So first of all you say...



berry1 said:


> Nah definitely couldn't do it for £132.13 but i could do it for a shit load cheaper than £50,000 lmao never heard such a over inflated bullshit number before.


 Yet you've not provided your own figures? If you want to be taken seriously, you need to provide your own breakdown, a credible breakdown though, and RTC's live for a lot longer than 30 years, well at least when kept properly.



berry1 said:


> Im sure them calculations from jonny rudd are slightly inflated compared to the size aquarium that most keepers would construct for a RTC. For example it would cost far less to house one of them in the bare minimum dimension tank compared to housing a RTC in a large public aquarium.

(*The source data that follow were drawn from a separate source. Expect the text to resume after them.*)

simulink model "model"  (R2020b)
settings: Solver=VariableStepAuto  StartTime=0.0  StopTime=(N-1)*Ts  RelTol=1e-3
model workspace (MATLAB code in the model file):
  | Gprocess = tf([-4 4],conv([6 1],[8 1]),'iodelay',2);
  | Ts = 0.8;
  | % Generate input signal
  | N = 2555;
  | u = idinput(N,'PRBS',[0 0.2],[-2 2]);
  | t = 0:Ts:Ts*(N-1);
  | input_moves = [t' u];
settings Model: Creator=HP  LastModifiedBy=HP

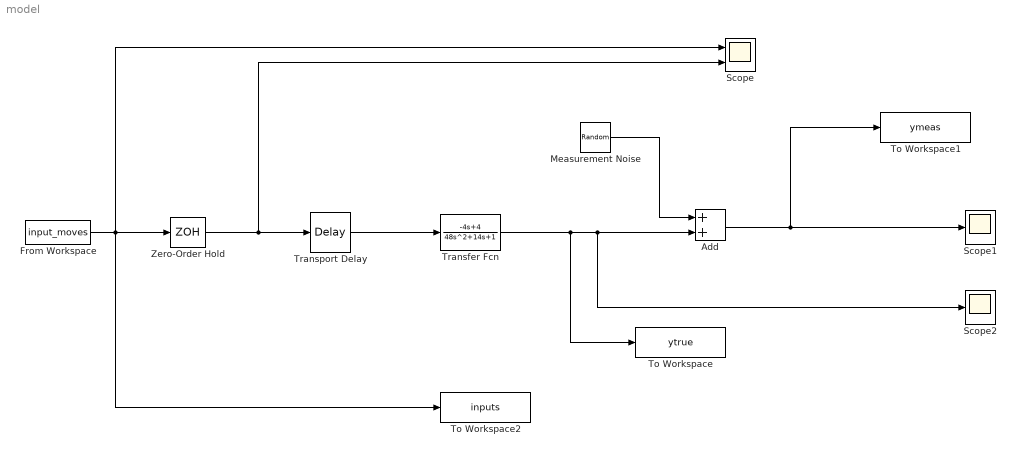
== system model ==
  Add : Sum
  From Workspace : FromWorkspace  VariableName=input_moves  SampleTime=Ts
  Measurement Noise : RandomNumber  Variance=1.2  SampleTime=Ts
  Scope : Scope  NumInputPorts=2
  Scope1 : Scope
  Scope2 : Scope
  To Workspace : ToWorkspace  VariableName=ytrue  SaveFormat=Timeseries  SampleTime=Ts
  To Workspace1 : ToWorkspace  VariableName=ymeas  SaveFormat=Timeseries  SampleTime=Ts
  To Workspace2 : ToWorkspace  VariableName=inputs  SaveFormat=Timeseries  SampleTime=Ts
  Transfer Fcn : TransferFcn  Numerator=[-4 4]  Denominator=[48 14 1]
  Transport Delay : TransportDelay  DelayTime=2
  Zero-Order Hold : ZeroOrderHold  SampleTime=Ts
  wires:
  Zero-Order Hold/1 -> Transport Delay/1, Scope/2
  Transfer Fcn/1 -> To Workspace/1, Scope2/1, Add/2
  From Workspace/1 -> To Workspace2/1, Scope/1, Zero-Order Hold/1
  Add/1 -> To Workspace1/1, Scope1/1
  Measurement Noise/1 -> Add/1
  Transport Delay/1 -> Transfer Fcn/1

Im not saying they dont need public aquarium sized tanks but as we all know the size of public aquariums varies widely.
> 
> The costs are effected to much by the general setup including if you use low energy pumps, what food you choose to feed the catfish even where you source the food. So for me i would say it can be done far cheaper but im not saying them calculations are complete crap either it just depends on a number of variables.


 As above, you say you think the costs are over inflated, but your thoughts mean nothing Berry1, lets see your breakdown and calculations for feeding and electricity over the next seventy years eh. You still think £50k is BS? 

I don't think you'll be able to come up with a credible response, but I'd be more than happy if you prove me wrong and provide a sensible set up quote and plausible running costs from the real world. 

The balls in you're court....


----------



## INJAF (Nov 12, 2011)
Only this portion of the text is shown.